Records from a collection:
########################################
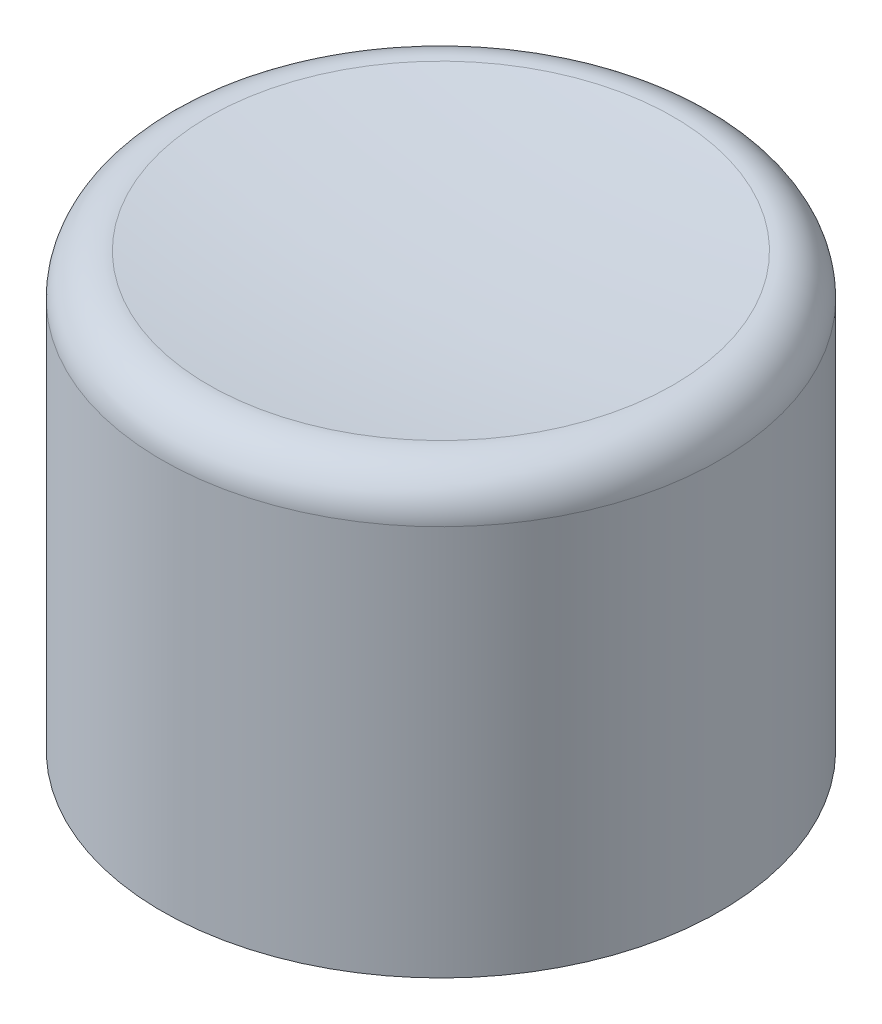
ISO-10303-21;
HEADER;
FILE_DESCRIPTION(('STEP AP214'),'2;1');
FILE_NAME('part.step','',(''),(''),'','','');
FILE_SCHEMA(('AUTOMOTIVE_DESIGN { 1 0 10303 214 1 1 1 1 }'));
ENDSEC;
DATA;
#1=APPLICATION_CONTEXT('core data for automotive mechanical design processes');
#2=APPLICATION_PROTOCOL_DEFINITION('international standard','automotive_design',2000,#1);
#3=PRODUCT_CONTEXT('',#1,'mechanical');
#4=PRODUCT('Part','Part','',(#3));
#5=PRODUCT_RELATED_PRODUCT_CATEGORY('part','',(#4));
#6=PRODUCT_DEFINITION_FORMATION('','',#4);
#7=PRODUCT_DEFINITION_CONTEXT('part definition',#1,'design');
#8=PRODUCT_DEFINITION('design','',#6,#7);
#9=PRODUCT_DEFINITION_SHAPE('','',#8);
#10=(LENGTH_UNIT() NAMED_UNIT(*) SI_UNIT(.MILLI.,.METRE.));
#11=(NAMED_UNIT(*) PLANE_ANGLE_UNIT() SI_UNIT($,.RADIAN.));
#12=(NAMED_UNIT(*) SI_UNIT($,.STERADIAN.) SOLID_ANGLE_UNIT());
#13=UNCERTAINTY_MEASURE_WITH_UNIT(LENGTH_MEASURE(1.E-05),#10,'distance_accuracy_value','');
#14=(GEOMETRIC_REPRESENTATION_CONTEXT(3) GLOBAL_UNCERTAINTY_ASSIGNED_CONTEXT((#13)) GLOBAL_UNIT_ASSIGNED_CONTEXT((#10,
#11,#12)) REPRESENTATION_CONTEXT('',''));
#15=CARTESIAN_POINT('',(0.,0.,0.));
#16=DIRECTION('',(0.,0.,1.));
#17=DIRECTION('',(1.,0.,0.));
#18=AXIS2_PLACEMENT_3D('',#15,#16,#17);
#19=CARTESIAN_POINT('',(-1.9304,0.,0.));
#20=DIRECTION('',(0.,-1.,0.));
#21=DIRECTION('',(1.,0.,0.));
#22=AXIS2_PLACEMENT_3D('',#19,#20,#21);
#23=PLANE('',#22);
#24=CARTESIAN_POINT('',(0.,0.,0.));
#25=DIRECTION('',(0.,1.,0.));
#26=DIRECTION('',(-1.,0.,0.));
#27=AXIS2_PLACEMENT_3D('',#24,#25,#26);
#28=CIRCLE('',#27,1.5494);
#29=CARTESIAN_POINT('',(-1.5494,0.,0.));
#30=VERTEX_POINT('',#29);
#31=EDGE_CURVE('E10',#30,#30,#28,.T.);
#32=ORIENTED_EDGE('',*,*,#31,.T.);
#33=EDGE_LOOP('',(#32));
#34=FACE_BOUND('',#33,.T.);
#35=CARTESIAN_POINT('',(0.,0.,0.));
#36=DIRECTION('',(0.,1.,0.));
#37=DIRECTION('',(-1.,0.,0.));
#38=AXIS2_PLACEMENT_3D('',#35,#36,#37);
#39=CIRCLE('',#38,1.9304);
#40=CARTESIAN_POINT('',(-1.9304,0.,0.));
#41=VERTEX_POINT('',#40);
#42=EDGE_CURVE('E61',#41,#41,#39,.T.);
#43=ORIENTED_EDGE('',*,*,#42,.F.);
#44=EDGE_LOOP('',(#43));
#45=FACE_BOUND('',#44,.T.);
#46=ADVANCED_FACE('F30',(#34,#45),#23,.T.);
#47=CARTESIAN_POINT('',(0.,0.,0.));
#48=DIRECTION('',(0.,1.,0.));
#49=DIRECTION('',(-1.,0.,0.));
#50=AXIS2_PLACEMENT_3D('',#47,#48,#49);
#51=CYLINDRICAL_SURFACE('',#50,1.5494);
#52=CARTESIAN_POINT('',(0.,3.048,0.));
#53=DIRECTION('',(0.,1.,0.));
#54=DIRECTION('',(-1.,0.,0.));
#55=AXIS2_PLACEMENT_3D('',#52,#53,#54);
#56=CIRCLE('',#55,1.5494);
#57=CARTESIAN_POINT('',(-1.5494,3.048,0.));
#58=VERTEX_POINT('',#57);
#59=EDGE_CURVE('E36',#58,#58,#56,.T.);
#60=ORIENTED_EDGE('',*,*,#59,.T.);
#61=EDGE_LOOP('',(#60));
#62=FACE_BOUND('',#61,.T.);
#63=ORIENTED_EDGE('',*,*,#31,.F.);
#64=EDGE_LOOP('',(#63));
#65=FACE_BOUND('',#64,.T.);
#66=ADVANCED_FACE('F69',(#62,#65),#51,.F.);
#67=CARTESIAN_POINT('',(-1.5494,3.048,0.));
#68=DIRECTION('',(0.,-1.,0.));
#69=DIRECTION('',(1.,0.,0.));
#70=AXIS2_PLACEMENT_3D('',#67,#68,#69);
#71=PLANE('',#70);
#72=ORIENTED_EDGE('',*,*,#59,.F.);
#73=EDGE_LOOP('',(#72));
#74=FACE_BOUND('',#73,.T.);
#75=ADVANCED_FACE('F73',(#74),#71,.T.);
#76=CARTESIAN_POINT('',(0.,21.844,0.));
#77=DIRECTION('',(0.,1.,0.));
#78=DIRECTION('',(-1.,0.,0.));
#79=AXIS2_PLACEMENT_3D('',#76,#77,#78);
#80=SPHERICAL_SURFACE('',#79,18.034);
#81=CARTESIAN_POINT('',(0.,3.9343724137931,0.));
#82=DIRECTION('',(0.,1.,0.));
#83=DIRECTION('',(-1.,0.,0.));
#84=AXIS2_PLACEMENT_3D('',#81,#82,#83);
#85=CIRCLE('',#84,2.11433103448277);
#86=CARTESIAN_POINT('',(-2.11433103448277,3.9343724137931,0.));
#87=VERTEX_POINT('',#86);
#88=EDGE_CURVE('E40',#87,#87,#85,.T.);
#89=ORIENTED_EDGE('',*,*,#88,.T.);
#90=EDGE_LOOP('',(#89));
#91=FACE_BOUND('',#90,.T.);
#92=ADVANCED_FACE('F77',(#91),#80,.F.);
#93=CARTESIAN_POINT('',(0.,3.556,0.));
#94=DIRECTION('',(0.,1.,0.));
#95=DIRECTION('',(-1.,0.,0.));
#96=AXIS2_PLACEMENT_3D('',#93,#94,#95);
#97=TOROIDAL_SURFACE('',#96,2.159,0.380999999999999);
#98=CARTESIAN_POINT('',(0.,3.556,0.));
#99=DIRECTION('',(0.,1.,0.));
#100=DIRECTION('',(-1.,0.,0.));
#101=AXIS2_PLACEMENT_3D('',#98,#99,#100);
#102=CIRCLE('',#101,2.54);
#103=CARTESIAN_POINT('',(-2.54,3.556,0.));
#104=VERTEX_POINT('',#103);
#105=EDGE_CURVE('E44',#104,#104,#102,.T.);
#106=ORIENTED_EDGE('',*,*,#105,.T.);
#107=EDGE_LOOP('',(#106));
#108=FACE_BOUND('',#107,.T.);
#109=ORIENTED_EDGE('',*,*,#88,.F.);
#110=EDGE_LOOP('',(#109));
#111=FACE_BOUND('',#110,.T.);
#112=ADVANCED_FACE('F84',(#108,#111),#97,.T.);
#113=CARTESIAN_POINT('',(0.,0.,0.));
#114=DIRECTION('',(0.,1.,0.));
#115=DIRECTION('',(-1.,0.,0.));
#116=AXIS2_PLACEMENT_3D('',#113,#114,#115);
#117=CYLINDRICAL_SURFACE('',#116,2.54);
#118=CARTESIAN_POINT('',(0.,0.,0.));
#119=DIRECTION('',(0.,1.,0.));
#120=DIRECTION('',(-1.,0.,0.));
#121=AXIS2_PLACEMENT_3D('',#118,#119,#120);
#122=CIRCLE('',#121,2.54);
#123=CARTESIAN_POINT('',(-2.54,0.,0.));
#124=VERTEX_POINT('',#123);
#125=EDGE_CURVE('E49',#124,#124,#122,.T.);
#126=ORIENTED_EDGE('',*,*,#125,.T.);
#127=EDGE_LOOP('',(#126));
#128=FACE_BOUND('',#127,.T.);
#129=ORIENTED_EDGE('',*,*,#105,.F.);
#130=EDGE_LOOP('',(#129));
#131=FACE_BOUND('',#130,.T.);
#132=ADVANCED_FACE('F88',(#128,#131),#117,.T.);
#133=CARTESIAN_POINT('',(-2.54,0.,0.));
#134=DIRECTION('',(0.,-1.,0.));
#135=DIRECTION('',(1.,0.,0.));
#136=AXIS2_PLACEMENT_3D('',#133,#134,#135);
#137=PLANE('',#136);
#138=CARTESIAN_POINT('',(0.,0.,0.));
#139=DIRECTION('',(0.,1.,0.));
#140=DIRECTION('',(-1.,0.,0.));
#141=AXIS2_PLACEMENT_3D('',#138,#139,#140);
#142=CIRCLE('',#141,2.159);
#143=CARTESIAN_POINT('',(-2.159,0.,0.));
#144=VERTEX_POINT('',#143);
#145=EDGE_CURVE('E52',#144,#144,#142,.T.);
#146=ORIENTED_EDGE('',*,*,#145,.T.);
#147=EDGE_LOOP('',(#146));
#148=FACE_BOUND('',#147,.T.);
#149=ORIENTED_EDGE('',*,*,#125,.F.);
#150=EDGE_LOOP('',(#149));
#151=FACE_BOUND('',#150,.T.);
#152=ADVANCED_FACE('F92',(#148,#151),#137,.T.);
#153=CARTESIAN_POINT('',(0.,0.,0.));
#154=DIRECTION('',(0.,1.,0.));
#155=DIRECTION('',(-1.,0.,0.));
#156=AXIS2_PLACEMENT_3D('',#153,#154,#155);
#157=CYLINDRICAL_SURFACE('',#156,2.159);
#158=CARTESIAN_POINT('',(0.,3.048,0.));
#159=DIRECTION('',(0.,1.,0.));
#160=DIRECTION('',(-1.,0.,0.));
#161=AXIS2_PLACEMENT_3D('',#158,#159,#160);
#162=CIRCLE('',#161,2.159);
#163=CARTESIAN_POINT('',(-2.159,3.048,0.));
#164=VERTEX_POINT('',#163);
#165=EDGE_CURVE('E55',#164,#164,#162,.T.);
#166=ORIENTED_EDGE('',*,*,#165,.T.);
#167=EDGE_LOOP('',(#166));
#168=FACE_BOUND('',#167,.T.);
#169=ORIENTED_EDGE('',*,*,#145,.F.);
#170=EDGE_LOOP('',(#169));
#171=FACE_BOUND('',#170,.T.);
#172=ADVANCED_FACE('F96',(#168,#171),#157,.F.);
#173=CARTESIAN_POINT('',(-2.159,3.048,0.));
#174=DIRECTION('',(0.,-1.,0.));
#175=DIRECTION('',(1.,0.,0.));
#176=AXIS2_PLACEMENT_3D('',#173,#174,#175);
#177=PLANE('',#176);
#178=CARTESIAN_POINT('',(0.,3.048,0.));
#179=DIRECTION('',(0.,1.,0.));
#180=DIRECTION('',(-1.,0.,0.));
#181=AXIS2_PLACEMENT_3D('',#178,#179,#180);
#182=CIRCLE('',#181,1.9304);
#183=CARTESIAN_POINT('',(-1.9304,3.048,0.));
#184=VERTEX_POINT('',#183);
#185=EDGE_CURVE('E58',#184,#184,#182,.T.);
#186=ORIENTED_EDGE('',*,*,#185,.T.);
#187=EDGE_LOOP('',(#186));
#188=FACE_BOUND('',#187,.T.);
#189=ORIENTED_EDGE('',*,*,#165,.F.);
#190=EDGE_LOOP('',(#189));
#191=FACE_BOUND('',#190,.T.);
#192=ADVANCED_FACE('F100',(#188,#191),#177,.T.);
#193=CARTESIAN_POINT('',(0.,0.,0.));
#194=DIRECTION('',(0.,1.,0.));
#195=DIRECTION('',(-1.,0.,0.));
#196=AXIS2_PLACEMENT_3D('',#193,#194,#195);
#197=CYLINDRICAL_SURFACE('',#196,1.9304);
#198=ORIENTED_EDGE('',*,*,#42,.T.);
#199=EDGE_LOOP('',(#198));
#200=FACE_BOUND('',#199,.T.);
#201=ORIENTED_EDGE('',*,*,#185,.F.);
#202=EDGE_LOOP('',(#201));
#203=FACE_BOUND('',#202,.T.);
#204=ADVANCED_FACE('F65',(#200,#203),#197,.T.);
#205=CLOSED_SHELL('',(#46,#66,#75,#92,#112,#132,#152,#172,#192,#204));
#206=MANIFOLD_SOLID_BREP('B2',#205);
#207=ADVANCED_BREP_SHAPE_REPRESENTATION('',(#18,#206),#14);
#208=SHAPE_DEFINITION_REPRESENTATION(#9,#207);
ENDSEC;
END-ISO-10303-21;
########################################
▶ [What to do]:
From the first line of the entries above through the line with "#21=DIRECTION('',(1.,0.,0.));", set down each line exactly and drop the pictures.

▶ [Result]:
ISO-10303-21;
HEADER;
FILE_DESCRIPTION(('STEP AP214'),'2;1');
FILE_NAME('part.step','',(''),(''),'','','');
FILE_SCHEMA(('AUTOMOTIVE_DESIGN { 1 0 10303 214 1 1 1 1 }'));
ENDSEC;
DATA;
#1=APPLICATION_CONTEXT('core data for automotive mechanical design processes');
#2=APPLICATION_PROTOCOL_DEFINITION('international standard','automotive_design',2000,#1);
#3=PRODUCT_CONTEXT('',#1,'mechanical');
#4=PRODUCT('Part','Part','',(#3));
#5=PRODUCT_RELATED_PRODUCT_CATEGORY('part','',(#4));
#6=PRODUCT_DEFINITION_FORMATION('','',#4);
#7=PRODUCT_DEFINITION_CONTEXT('part definition',#1,'design');
#8=PRODUCT_DEFINITION('design','',#6,#7);
#9=PRODUCT_DEFINITION_SHAPE('','',#8);
#10=(LENGTH_UNIT() NAMED_UNIT(*) SI_UNIT(.MILLI.,.METRE.));
#11=(NAMED_UNIT(*) PLANE_ANGLE_UNIT() SI_UNIT($,.RADIAN.));
#12=(NAMED_UNIT(*) SI_UNIT($,.STERADIAN.) SOLID_ANGLE_UNIT());
#13=UNCERTAINTY_MEASURE_WITH_UNIT(LENGTH_MEASURE(1.E-05),#10,'distance_accuracy_value','');
#14=(GEOMETRIC_REPRESENTATION_CONTEXT(3) GLOBAL_UNCERTAINTY_ASSIGNED_CONTEXT((#13)) GLOBAL_UNIT_ASSIGNED_CONTEXT((#10,
#11,#12)) REPRESENTATION_CONTEXT('',''));
#15=CARTESIAN_POINT('',(0.,0.,0.));
#16=DIRECTION('',(0.,0.,1.));
#17=DIRECTION('',(1.,0.,0.));
#18=AXIS2_PLACEMENT_3D('',#15,#16,#17);
#19=CARTESIAN_POINT('',(-1.9304,0.,0.));
#20=DIRECTION('',(0.,-1.,0.));
#21=DIRECTION('',(1.,0.,0.));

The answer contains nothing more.